How soon is this willingness gone?  Jonathan and Aaron both have expressed to me fear about new tasks because they want to do it RIGHT.  How much could we all learn if we were a little more like children?  This seems to me to be the crux of what Jesus meant when he asked us to be like little children.  


If we taught children to speak
p. 84-85 "Bill Hull once said to me, "If we taught children to speak, they'd never learn."

Stop quizzing kids!
p. 94-95  "Nor did I test him by saying, "What's this? What's that?"  This kind of checking up is not necessary, and it puts a child in a spot where he will feel that, if he says the wrong thing, he has done wrong and is in the wrong.  I have seen kindly, well-meaning parents do this to young children, hoping to help them learn.  Almost every time the child soon took on the kind of tense, tricky expression we see on so many children's faces in school, and began the same sad old business of bluffing, guessing, and playing for hints.  Even in the rare case when a child does not react his defensively to questions, too much quizzing is likely to make him begin to think that learning does not mean figuring out how things work, but getting and giving answers that please grownups."

p. 95 "A child's understanding of the world is uncertain and tentative.  If we question him too much or too sharply, we are more likely to weaken that understanding then strengthen it.  His understanding will grow faster if we can make ourselves have faith in it and leave it alone."

"This is particularly true of children just learning to read.  They have a lot of very tentative hunches about the connections between the look of printed letters and the sounds of spoken words.  If we give them enough time, they will gradually, as they read for pleasure, test and confirm and strengthen these hunches, and make them a part of what they really know.  But if we put too much pressure on these hunches, by continually asking children questions about what this or that letter says, we are liable to jar these hunches loose altogether and convince the children that they don't know anything, can't figure out anything, and must depend on us for all their information."

The "teacher devil" in me
p. 96 & p.98 Holt twice talks about ways to encourage speech development in children by talking through what you are doing on a daily basis. i.e. "Now we'll tie up this shoe; pull the laces good and tight; now we'll get the boots. . . "  However, he later corrects himself, saying that "I suspect that most people who try to talk this way to children will have so much more teaching in their voices than love and pleasure that they will wind up doing more harm than good.  If talk is not honest, does not have real feeling behind it--like most of the talk children hear on TV--they will not think of it as something they can or want to do themselves, and hence will learn little or nothing from it."  He was not at all happy about what he had previously written and later refers to the constant temptation to "teach" kids what they haven't already learned for themselves as "the teacher devil in me."

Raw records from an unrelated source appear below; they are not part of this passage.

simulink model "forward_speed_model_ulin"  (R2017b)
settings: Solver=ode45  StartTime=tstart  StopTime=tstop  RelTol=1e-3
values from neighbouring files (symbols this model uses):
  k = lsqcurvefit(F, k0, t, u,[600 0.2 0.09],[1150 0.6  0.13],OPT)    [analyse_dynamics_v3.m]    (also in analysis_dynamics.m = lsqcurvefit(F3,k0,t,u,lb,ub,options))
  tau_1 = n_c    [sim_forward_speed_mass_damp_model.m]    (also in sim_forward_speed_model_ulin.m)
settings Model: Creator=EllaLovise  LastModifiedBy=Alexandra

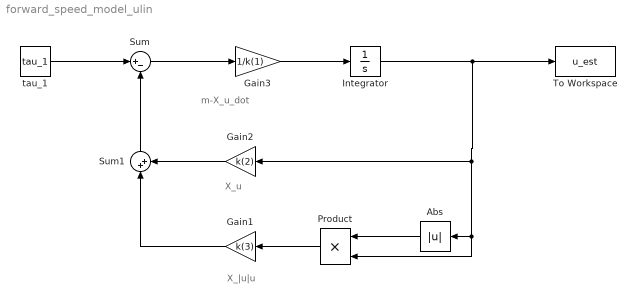
== system forward_speed_model_ulin ==
  note: X_|u|u
  note: X_u
  note: m-X_u_dot
  Abs : Abs
  Gain1 : Gain  Gain=k(3)
  Gain2 : Gain  Gain=k(2)
  Gain3 : Gain  Gain=1/k(1)
  Integrator : Integrator  InitialCondition=6.63
  Product : Product
  Sum : Sum  Inputs=|+-
  Sum1 : Sum  Inputs=|++
  To Workspace : ToWorkspace  VariableName=u_est  SampleTime=100
  tau_1 : Constant  Value=tau_1
  wires:
  tau_1/1 -> Sum/1
  Product/1 -> Gain1/1
  Integrator/1 -> To Workspace/1, Product/2, Abs/1, Gain2/1
  Abs/1 -> Product/1
  Gain1/1 -> Sum1/1
  Sum1/1 -> Sum/2
  Gain2/1 -> Sum1/2
  Gain3/1 -> Integrator/1
  Sum/1 -> Gain3/1

True observation can only occur in an atmosphere of trust.
p.104  Speaking of  research on the way children learn, Holt argues that "We cannot learn anything important about other people until they trust us."


This has particular bearing on a conversation I had with my brother-in-law the other day about how children learn.  He held up a book called, "Teaching with the Brain in Mind," which is a compilation of research on how better to teach children based on brain research.  Something bothered me at the time and it took until now for me to understand what bothered me so.  I was trying to explain to him that children, if given the proper environment, don't need to be "taught" at all.  They learn differently from adults in the sense that their minds are absorbent.  This idea isn't just espoused by Holt.  It is central to the theories of Sinichi Suzuki, Maria Montessori, Piaget, Erik Erikson, and Thomas Jefferson Education.  The difference between these and the brain researchers is that these people spent a huge amount of time being with and observing children in their natural habitat.  They gained the trust of the children they learned from.  Their work was a labor of love and in every respect represents true art--rising above pure science.  This is why I just don't even buy the whole "teaching with the brain in mind."  It's the teaching that's the fundamental false assumption underlying the entire theory.

The Myth of "Bad Habits"
p. 113  Correcting bad "habits" only deprives the child of the opportunity to identify and fix mistakes on their own.  The less they have to depend on us, the faster they can teach themselves.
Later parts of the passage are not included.